If a tumor biopsy shows invasive carcinoma, then a staging workup will be undertaken to determine if any cancer deposits can be found elsewhere in the body. This evaluation is often performed before surgical removal of the primary tumor but in certain cases may be performed afterward. The results of the staging workup determine the extent of the disease and whether surgery can remove or has removed all visible areas of involvement.
Not all carcinomas, however, are invasive. One class of carcinoma is considered pre-invasive. This type of cancer is called carcinoma insitu (Latin for in site or in place). Under the microscope, carcinoma in-situ (CIS) does not penetrate the tissue barriers beneath it. Although CIS cells are growing in the characteristic disorganized way that identifies the tumor as a cancer, they have not yet acquired the ability to metastasize-to break into surrounding tissues and gain access to the blood or lymph stream to spread to other parts of the body. CIS does not pose an imminent threat to life, but it can develop into invasive carcinoma over time and must be treated. Most cases of CIS are surgically removed if detected, rendering the patient cured of the CIS and eliminating the possibility that invasive cancer will develop from that area of carcinoma in-situ. CIS is not treated with chemotherapy, but radiation and hormonal therapy may play a role in treatment, especially in breast cancer. The cure rate for CIS is almost 100 percent.

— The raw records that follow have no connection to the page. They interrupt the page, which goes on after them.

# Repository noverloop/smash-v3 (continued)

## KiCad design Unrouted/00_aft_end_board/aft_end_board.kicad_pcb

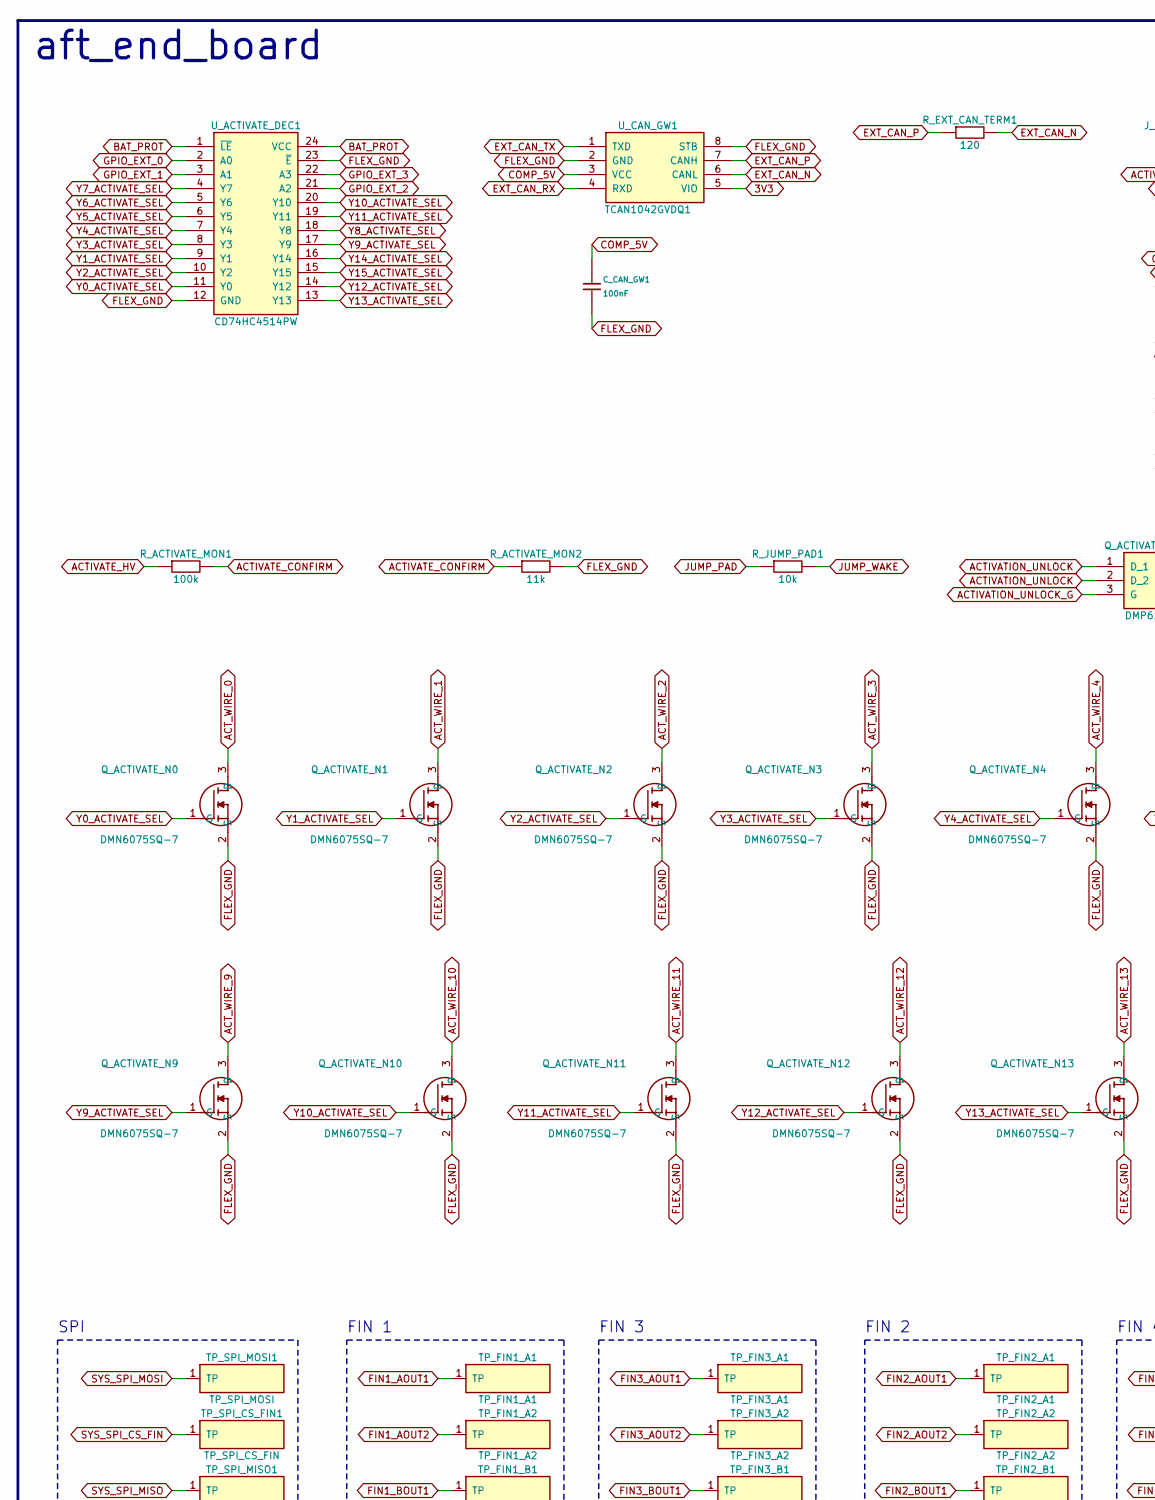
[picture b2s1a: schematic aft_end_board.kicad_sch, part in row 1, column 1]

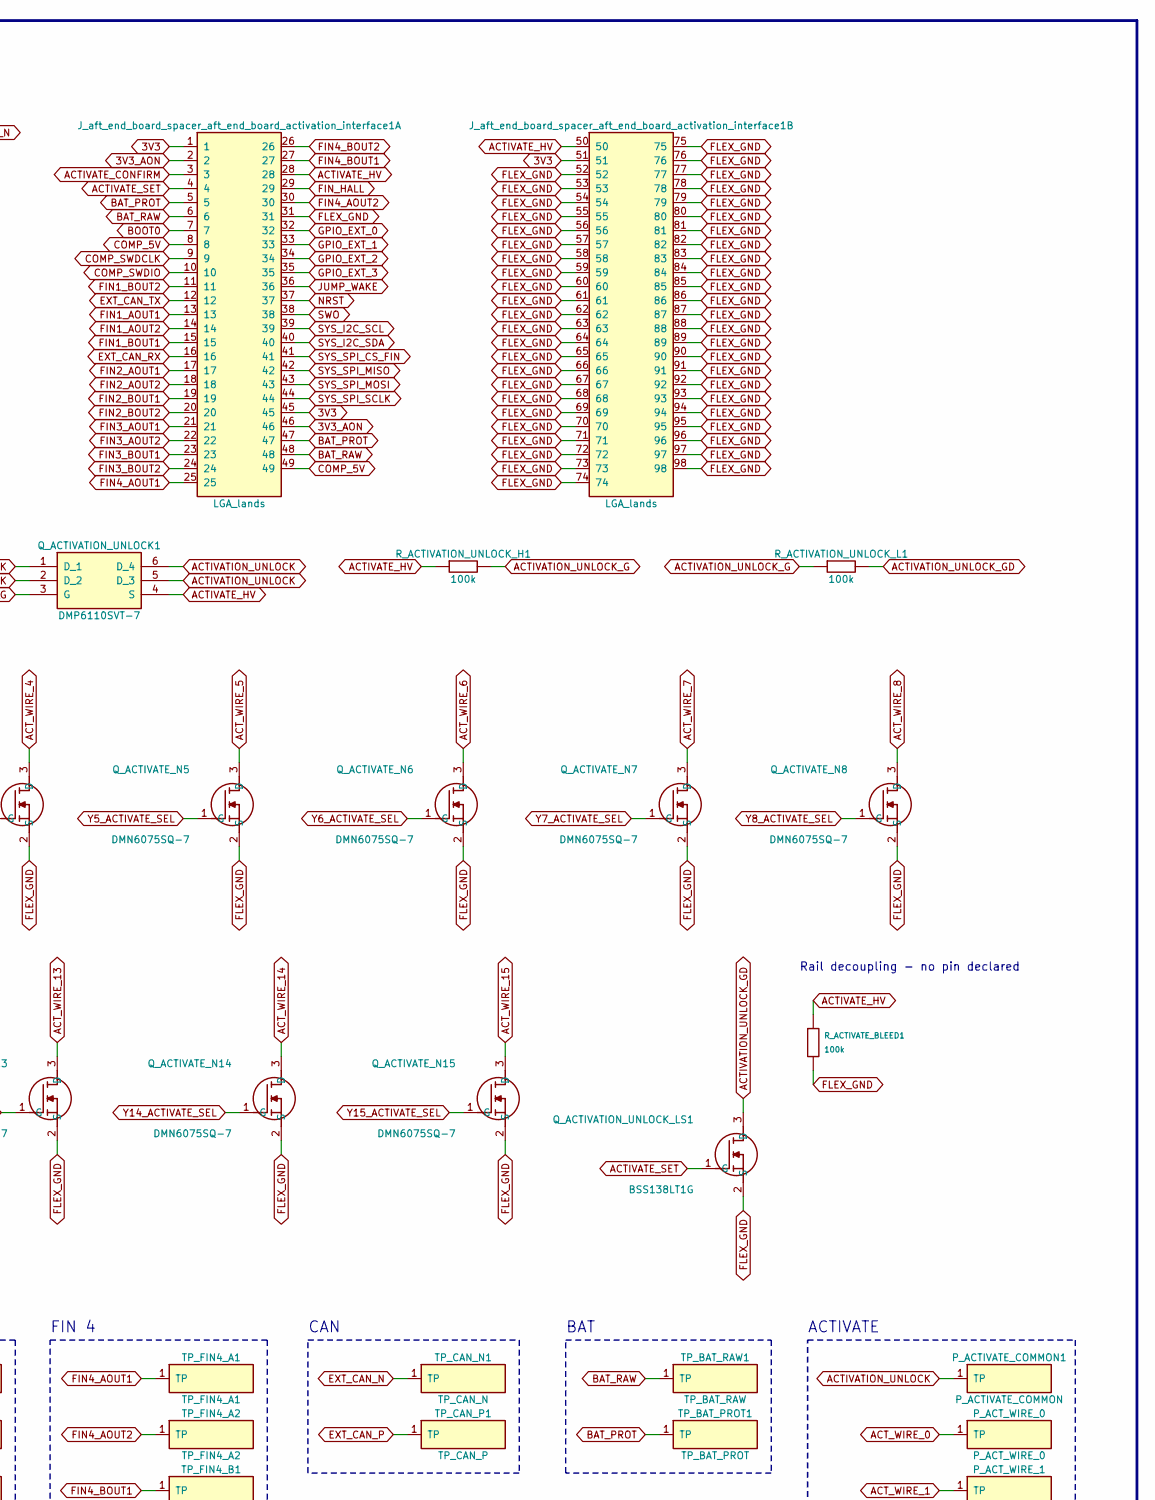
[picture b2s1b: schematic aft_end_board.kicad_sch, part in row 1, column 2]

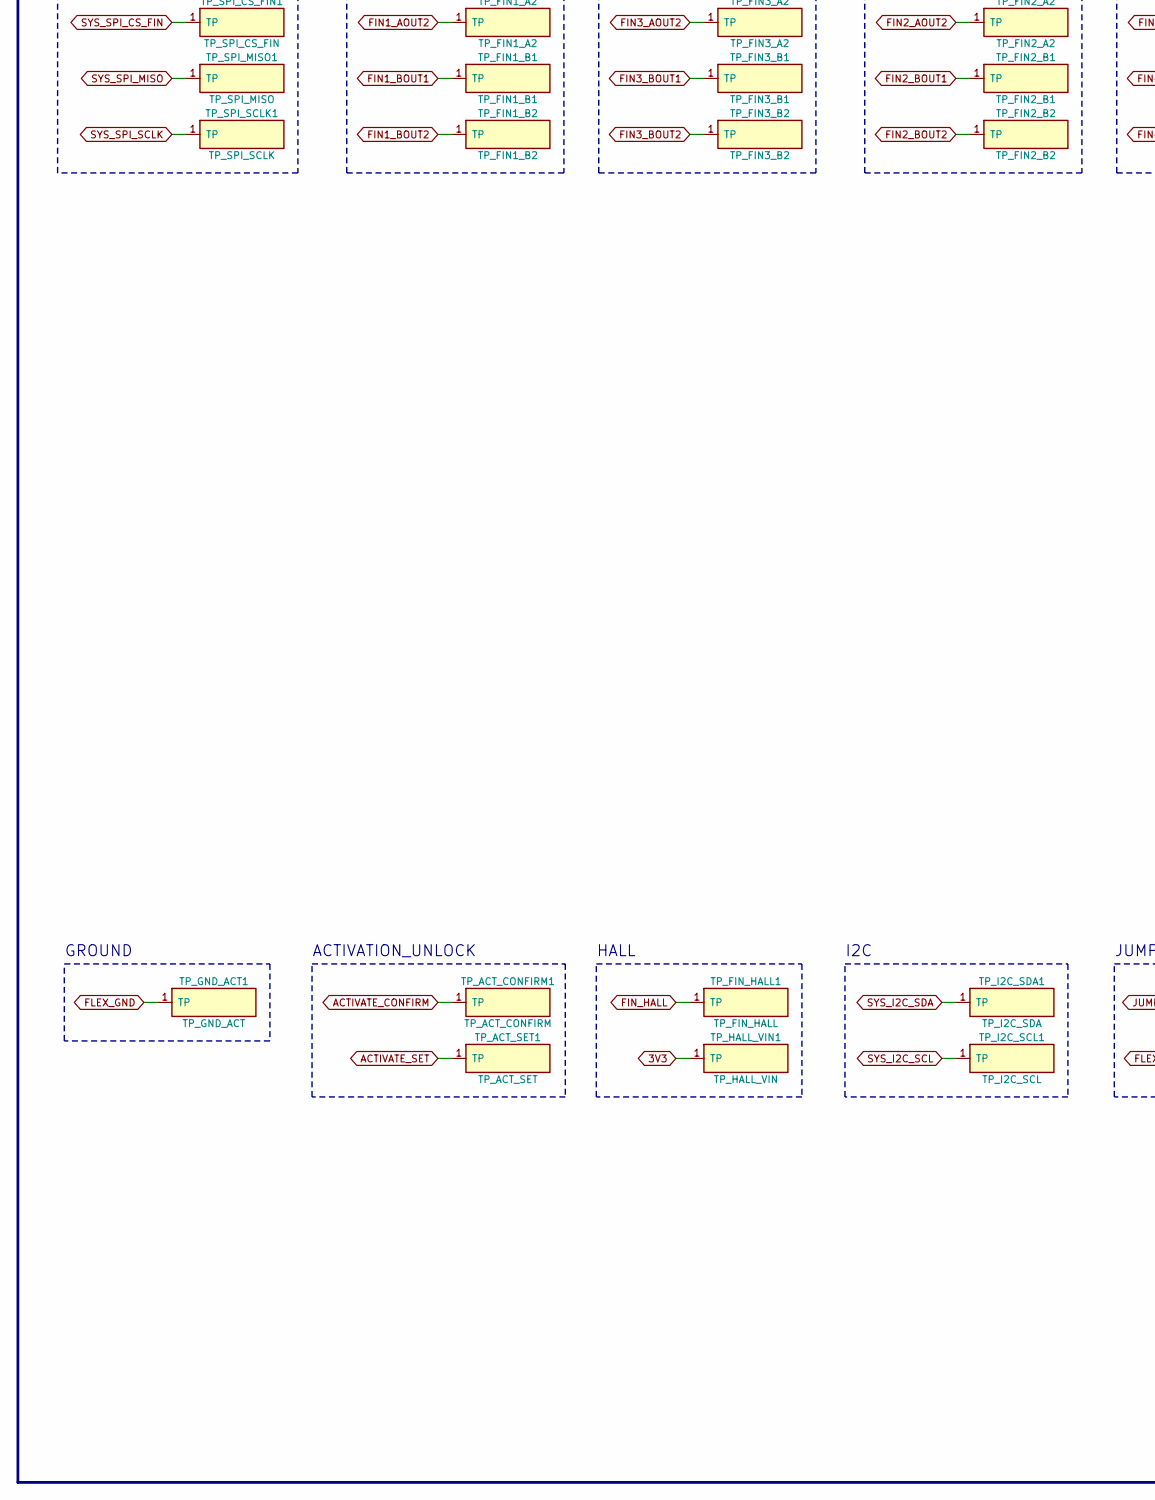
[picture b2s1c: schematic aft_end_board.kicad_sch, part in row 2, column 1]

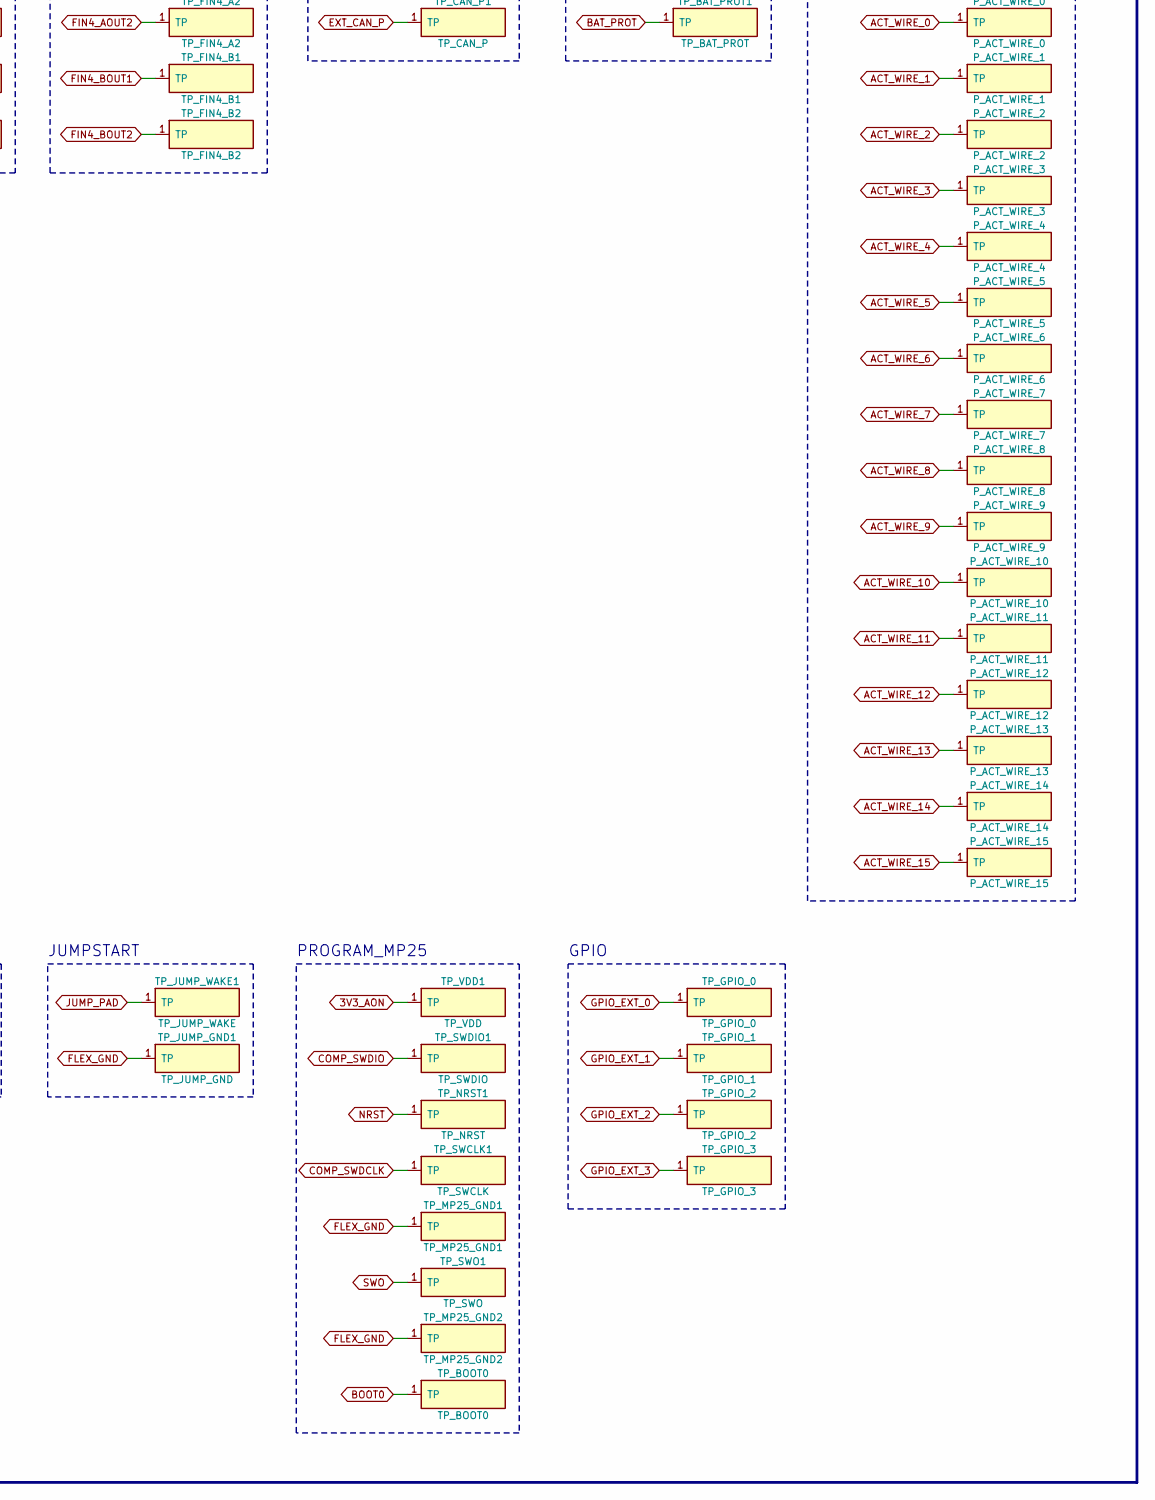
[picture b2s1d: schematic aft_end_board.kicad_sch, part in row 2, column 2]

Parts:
C_CAN_GW1: 100nF; Capacitor_SMD_C_0402_1005Metric; MPN C0402 X7R 100nF
J_aft_end_board_spacer_aft_end_board_activation_interface1: LGA_lands; J_aft_end_board_spacer_aft_end_board_activation_interface; MPN LGA_lands
P_ACTIVATE_COMMON1: P_ACTIVATE_COMMON; Pogo_Pad_D2.0mm
P_ACT_WIRE_0: P_ACT_WIRE_0; Pogo_Pad_S2.0mm
P_ACT_WIRE_1: P_ACT_WIRE_1; Pogo_Pad_D2.0mm
P_ACT_WIRE_2: P_ACT_WIRE_2; Pogo_Pad_D2.0mm
P_ACT_WIRE_3: P_ACT_WIRE_3; Pogo_Pad_D2.0mm
P_ACT_WIRE_4: P_ACT_WIRE_4; Pogo_Pad_D2.0mm
P_ACT_WIRE_5: P_ACT_WIRE_5; Pogo_Pad_D2.0mm
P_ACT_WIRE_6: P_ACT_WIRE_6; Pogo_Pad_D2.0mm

In addition to being an early cancer that is highly curable, carcinoma in-situ is also an indicator that the affected person is at an increased risk for the future development of cancer (both in-situ and invasive types). Therefore, after someone is treated for CIS, he or she should undergo regular surveillance testing to detect newly developing cancers at their earliest, most curable stages. In addition, CIS marks an important moment in the health of a patient: it is an ideal time to take advantage of cancer prevention measures or make lifestyle changes that help ward off the disease.
Carcinoma in-situ is most commonly encountered in the breast. The detection of ductal carcinoma in-situ (DCIS) of the breast has dramatically increased since mammography has replaced simple physical examination as the primary way in which breast cancer is detected today. Mammography enables the detection of much smaller cancers than are found by physical examination alone, and an increasing number of these smaller cancers consist of DCIS rather than invasive breast cancer. Many women who develop DCIS are advised to take the drug tamoxifen for five years after DCIS is treated in order to prevent the future development of breast cancer. Tamoxifen blocks the stimulating effects of estrogen on breast cells and reduces the future occurrence of both DCIS and invasive breast cancer. These cancer-reducing effects are experienced by both breasts, not just the one in which the DCIS is found.
Carcinoma in-situ is found in other parts of the body much more often than is widely recognized, in part because patients are usually told that they have, not CIS, but rather a tumor that is the step before [invasive] cancer. For example, CIS can be found in a bladder polyp that may call attention to itself by causing blood in the urine. To screen for cervical cancer, a Pap smear is performed, which may lead to a diagnosis of dysplasia or cervical intraepithelial neoplasia (CIN); the most severe form of dysplasia is CIN III, which is equivalent to carcinoma in situ. Other areas in which CIS can be found include the colon, prostate, thyroid, oral cavity, testicle, anus, and lung. Interestingly, both carcinoma in-situ and invasive cancer are sometimes found in the same tumor, indicating that the invasive cancer grew out of the CIS.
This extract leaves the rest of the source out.